The trail was still cold. There was not much of a chance to confirm if she was on the right track while in the middle of the desert. Now that she had made it to the other side, she had more of an opportunity to check the signs and get a feel for things. Outside of the desert, there would be actual roads to follow instead of the markers for the small caravans that usually crossed the desert in starts and stops.
Those caravans had stopped now. The threat of war put an end to them before anyone else had much of a chance to even adjust to the idea. The traders and merchants dared not risk losing money when war was declared. It meant Ciel’s journey across the desert was even more lonely than usual.
Now there was a better chance of seeing someone again. She dreaded seeing someone as much as ever, but now she also desired it. There was no other way for her to get clues regarding where she might find Lady Nyura.
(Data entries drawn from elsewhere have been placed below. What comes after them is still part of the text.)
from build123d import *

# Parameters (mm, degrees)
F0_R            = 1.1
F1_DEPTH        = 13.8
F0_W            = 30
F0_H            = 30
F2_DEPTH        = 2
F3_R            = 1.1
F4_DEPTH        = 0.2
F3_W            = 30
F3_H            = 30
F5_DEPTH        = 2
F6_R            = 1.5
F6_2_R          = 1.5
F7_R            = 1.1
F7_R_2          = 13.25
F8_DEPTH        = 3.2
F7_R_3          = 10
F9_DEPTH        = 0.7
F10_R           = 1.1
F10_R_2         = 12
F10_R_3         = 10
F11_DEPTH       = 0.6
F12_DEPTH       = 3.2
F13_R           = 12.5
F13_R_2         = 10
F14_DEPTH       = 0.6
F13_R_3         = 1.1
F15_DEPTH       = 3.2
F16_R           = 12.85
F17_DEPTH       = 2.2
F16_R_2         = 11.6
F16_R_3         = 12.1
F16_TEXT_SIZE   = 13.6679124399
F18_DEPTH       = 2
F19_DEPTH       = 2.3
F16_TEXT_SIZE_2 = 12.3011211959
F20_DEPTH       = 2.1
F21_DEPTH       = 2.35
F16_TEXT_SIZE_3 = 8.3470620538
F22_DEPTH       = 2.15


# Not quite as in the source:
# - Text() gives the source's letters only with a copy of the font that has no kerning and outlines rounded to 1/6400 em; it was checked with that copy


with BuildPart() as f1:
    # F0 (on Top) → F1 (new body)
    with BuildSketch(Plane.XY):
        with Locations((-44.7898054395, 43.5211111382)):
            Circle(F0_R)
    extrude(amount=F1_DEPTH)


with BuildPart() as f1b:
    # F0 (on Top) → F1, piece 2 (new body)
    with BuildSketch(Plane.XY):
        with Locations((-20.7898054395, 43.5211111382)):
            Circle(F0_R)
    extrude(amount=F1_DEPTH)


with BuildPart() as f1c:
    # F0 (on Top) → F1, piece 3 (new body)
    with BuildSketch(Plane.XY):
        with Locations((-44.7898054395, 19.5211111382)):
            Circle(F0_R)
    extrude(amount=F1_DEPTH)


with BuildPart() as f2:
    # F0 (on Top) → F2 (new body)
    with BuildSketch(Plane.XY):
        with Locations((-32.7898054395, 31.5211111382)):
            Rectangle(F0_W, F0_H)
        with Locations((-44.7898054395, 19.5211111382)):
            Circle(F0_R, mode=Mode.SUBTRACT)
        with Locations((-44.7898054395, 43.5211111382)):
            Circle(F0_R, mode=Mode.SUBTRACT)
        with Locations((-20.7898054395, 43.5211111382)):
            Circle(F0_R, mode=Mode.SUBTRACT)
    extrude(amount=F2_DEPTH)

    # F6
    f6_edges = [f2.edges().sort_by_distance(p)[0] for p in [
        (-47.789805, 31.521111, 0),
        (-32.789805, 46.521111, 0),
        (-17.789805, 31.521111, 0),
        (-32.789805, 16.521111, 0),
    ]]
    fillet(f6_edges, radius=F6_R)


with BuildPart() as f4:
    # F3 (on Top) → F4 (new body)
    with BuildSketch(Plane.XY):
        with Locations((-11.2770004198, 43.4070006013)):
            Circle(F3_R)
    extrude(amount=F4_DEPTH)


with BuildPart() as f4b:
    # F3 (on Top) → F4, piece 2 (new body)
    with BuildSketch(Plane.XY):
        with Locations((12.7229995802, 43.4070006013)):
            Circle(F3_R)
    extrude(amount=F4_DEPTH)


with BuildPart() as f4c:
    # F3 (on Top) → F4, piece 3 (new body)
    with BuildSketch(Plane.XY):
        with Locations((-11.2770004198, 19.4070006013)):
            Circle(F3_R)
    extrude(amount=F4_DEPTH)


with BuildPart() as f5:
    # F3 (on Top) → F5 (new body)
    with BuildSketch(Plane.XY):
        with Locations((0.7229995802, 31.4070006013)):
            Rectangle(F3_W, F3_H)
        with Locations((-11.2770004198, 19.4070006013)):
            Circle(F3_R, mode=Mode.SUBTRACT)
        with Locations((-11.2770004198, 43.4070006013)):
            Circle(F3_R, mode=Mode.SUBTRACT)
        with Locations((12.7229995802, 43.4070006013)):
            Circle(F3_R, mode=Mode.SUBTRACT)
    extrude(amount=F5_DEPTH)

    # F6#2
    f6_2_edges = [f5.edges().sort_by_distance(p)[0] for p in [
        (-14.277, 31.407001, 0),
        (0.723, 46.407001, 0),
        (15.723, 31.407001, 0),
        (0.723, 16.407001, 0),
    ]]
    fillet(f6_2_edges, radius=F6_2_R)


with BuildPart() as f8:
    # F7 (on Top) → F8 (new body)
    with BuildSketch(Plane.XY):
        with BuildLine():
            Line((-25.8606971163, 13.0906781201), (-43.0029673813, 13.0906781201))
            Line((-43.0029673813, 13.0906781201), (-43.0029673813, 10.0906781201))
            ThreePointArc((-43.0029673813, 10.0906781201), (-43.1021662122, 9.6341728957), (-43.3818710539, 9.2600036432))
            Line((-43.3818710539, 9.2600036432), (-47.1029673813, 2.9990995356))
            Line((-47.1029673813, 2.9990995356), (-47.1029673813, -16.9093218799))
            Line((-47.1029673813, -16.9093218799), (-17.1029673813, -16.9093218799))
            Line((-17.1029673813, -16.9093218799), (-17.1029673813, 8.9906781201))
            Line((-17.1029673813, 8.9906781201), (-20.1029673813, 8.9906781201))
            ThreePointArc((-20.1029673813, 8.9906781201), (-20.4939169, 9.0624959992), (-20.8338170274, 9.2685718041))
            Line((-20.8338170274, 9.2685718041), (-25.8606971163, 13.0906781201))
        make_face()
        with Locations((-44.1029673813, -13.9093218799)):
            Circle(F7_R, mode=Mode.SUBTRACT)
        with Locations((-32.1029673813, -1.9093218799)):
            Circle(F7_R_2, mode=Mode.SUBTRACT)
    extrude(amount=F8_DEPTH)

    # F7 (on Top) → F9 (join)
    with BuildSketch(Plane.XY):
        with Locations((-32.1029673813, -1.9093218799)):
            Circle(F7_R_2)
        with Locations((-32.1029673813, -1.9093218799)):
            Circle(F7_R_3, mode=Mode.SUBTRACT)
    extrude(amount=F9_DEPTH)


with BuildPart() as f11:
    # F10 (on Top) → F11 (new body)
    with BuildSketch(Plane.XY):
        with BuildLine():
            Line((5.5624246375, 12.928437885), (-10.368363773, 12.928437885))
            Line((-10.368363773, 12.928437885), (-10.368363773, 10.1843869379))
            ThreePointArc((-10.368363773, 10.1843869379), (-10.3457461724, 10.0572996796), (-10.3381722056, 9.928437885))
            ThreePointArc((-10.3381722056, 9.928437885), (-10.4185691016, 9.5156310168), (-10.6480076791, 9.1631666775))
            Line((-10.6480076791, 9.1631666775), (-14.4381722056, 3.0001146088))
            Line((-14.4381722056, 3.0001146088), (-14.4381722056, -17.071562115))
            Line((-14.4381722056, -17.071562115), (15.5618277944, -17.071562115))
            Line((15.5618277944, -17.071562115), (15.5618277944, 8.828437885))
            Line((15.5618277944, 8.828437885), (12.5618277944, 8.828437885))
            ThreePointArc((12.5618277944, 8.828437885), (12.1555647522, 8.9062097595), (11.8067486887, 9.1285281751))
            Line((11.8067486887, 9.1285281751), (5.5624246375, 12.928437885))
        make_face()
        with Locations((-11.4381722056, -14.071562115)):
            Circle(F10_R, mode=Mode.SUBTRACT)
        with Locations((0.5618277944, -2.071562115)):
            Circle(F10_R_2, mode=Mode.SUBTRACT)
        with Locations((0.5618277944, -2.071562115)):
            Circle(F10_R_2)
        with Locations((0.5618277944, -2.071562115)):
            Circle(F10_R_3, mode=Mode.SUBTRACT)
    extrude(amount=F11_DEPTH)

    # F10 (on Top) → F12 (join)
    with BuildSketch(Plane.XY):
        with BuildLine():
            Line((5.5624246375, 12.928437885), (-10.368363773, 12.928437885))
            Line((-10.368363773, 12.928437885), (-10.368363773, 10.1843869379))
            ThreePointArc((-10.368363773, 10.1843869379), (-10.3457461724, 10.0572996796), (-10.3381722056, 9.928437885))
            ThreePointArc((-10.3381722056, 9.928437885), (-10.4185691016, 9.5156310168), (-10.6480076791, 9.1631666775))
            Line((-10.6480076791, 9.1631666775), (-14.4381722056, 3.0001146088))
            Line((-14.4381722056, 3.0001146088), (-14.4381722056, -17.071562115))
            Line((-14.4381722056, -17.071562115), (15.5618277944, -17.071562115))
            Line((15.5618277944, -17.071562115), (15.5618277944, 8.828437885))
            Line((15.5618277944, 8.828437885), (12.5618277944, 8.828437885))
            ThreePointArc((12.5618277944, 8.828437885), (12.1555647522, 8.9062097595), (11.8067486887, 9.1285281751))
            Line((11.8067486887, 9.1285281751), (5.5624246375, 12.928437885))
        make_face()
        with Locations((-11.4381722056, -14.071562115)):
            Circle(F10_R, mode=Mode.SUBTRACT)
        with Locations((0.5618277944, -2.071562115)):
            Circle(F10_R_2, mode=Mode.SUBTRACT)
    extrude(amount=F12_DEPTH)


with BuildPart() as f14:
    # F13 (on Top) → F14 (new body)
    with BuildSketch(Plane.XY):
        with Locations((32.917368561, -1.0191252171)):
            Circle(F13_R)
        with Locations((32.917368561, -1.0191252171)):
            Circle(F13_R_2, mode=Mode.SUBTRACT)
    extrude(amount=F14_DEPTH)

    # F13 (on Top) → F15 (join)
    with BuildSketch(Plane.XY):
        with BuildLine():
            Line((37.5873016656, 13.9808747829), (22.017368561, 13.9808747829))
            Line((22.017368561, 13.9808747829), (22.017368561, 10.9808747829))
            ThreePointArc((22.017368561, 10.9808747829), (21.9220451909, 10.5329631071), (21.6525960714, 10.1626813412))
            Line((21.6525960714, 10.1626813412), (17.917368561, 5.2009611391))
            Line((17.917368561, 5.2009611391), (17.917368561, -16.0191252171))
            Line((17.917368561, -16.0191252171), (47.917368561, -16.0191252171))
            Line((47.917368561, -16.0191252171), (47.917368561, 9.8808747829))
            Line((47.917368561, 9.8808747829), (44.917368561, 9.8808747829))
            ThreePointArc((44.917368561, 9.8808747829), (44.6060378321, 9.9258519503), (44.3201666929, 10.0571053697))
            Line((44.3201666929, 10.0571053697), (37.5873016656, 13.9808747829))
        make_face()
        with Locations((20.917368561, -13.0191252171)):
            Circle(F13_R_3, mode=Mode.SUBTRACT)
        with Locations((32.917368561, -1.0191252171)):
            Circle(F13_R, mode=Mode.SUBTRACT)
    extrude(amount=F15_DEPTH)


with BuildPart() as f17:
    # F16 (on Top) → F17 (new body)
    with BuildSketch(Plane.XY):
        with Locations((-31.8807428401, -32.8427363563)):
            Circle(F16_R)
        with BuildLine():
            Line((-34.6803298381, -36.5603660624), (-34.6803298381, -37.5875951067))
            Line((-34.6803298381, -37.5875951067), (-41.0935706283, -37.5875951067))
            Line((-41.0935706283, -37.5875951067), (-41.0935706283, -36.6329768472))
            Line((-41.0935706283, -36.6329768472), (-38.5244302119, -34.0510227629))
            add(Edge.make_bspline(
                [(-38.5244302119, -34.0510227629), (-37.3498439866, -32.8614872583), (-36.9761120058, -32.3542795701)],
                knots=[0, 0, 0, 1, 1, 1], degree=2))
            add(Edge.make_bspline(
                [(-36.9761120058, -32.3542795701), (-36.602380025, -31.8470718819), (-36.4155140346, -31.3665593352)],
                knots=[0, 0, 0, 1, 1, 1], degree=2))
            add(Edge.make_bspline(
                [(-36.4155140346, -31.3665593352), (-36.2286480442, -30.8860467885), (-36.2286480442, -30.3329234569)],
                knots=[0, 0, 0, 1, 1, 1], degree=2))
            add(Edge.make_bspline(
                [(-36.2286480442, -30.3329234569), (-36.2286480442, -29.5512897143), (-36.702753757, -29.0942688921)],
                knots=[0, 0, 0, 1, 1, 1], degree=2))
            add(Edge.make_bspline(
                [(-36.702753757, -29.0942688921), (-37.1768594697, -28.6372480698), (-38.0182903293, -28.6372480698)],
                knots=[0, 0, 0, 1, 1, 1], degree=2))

As soon as the desert seemed to be well and truly behind her, civilization seemed to pop up around her by magic. Ciel glanced around and took it all in. Most of what she noticed was barely worth her notice.
Then she spotted an inn in the distance. She had a finely tuned sixth sense when it came to inns. She could always tell when one was about to appear on the horizon and her eyes were ready and eager to see a comfortable place to pause her journey after many days of resting where and when she could and accumulating dust and sand that she would not fully do away with without a proper bath. An inn offered her that opportunity as well as prepared food that was a most welcome change after the travel-ready fare that had sustained her during her journey thus far. If the inn still managed to drum up a steady business under the threat of war, she might manage to overhear something useful.
At the moment, nothing seemed to matter as much as securing that bath.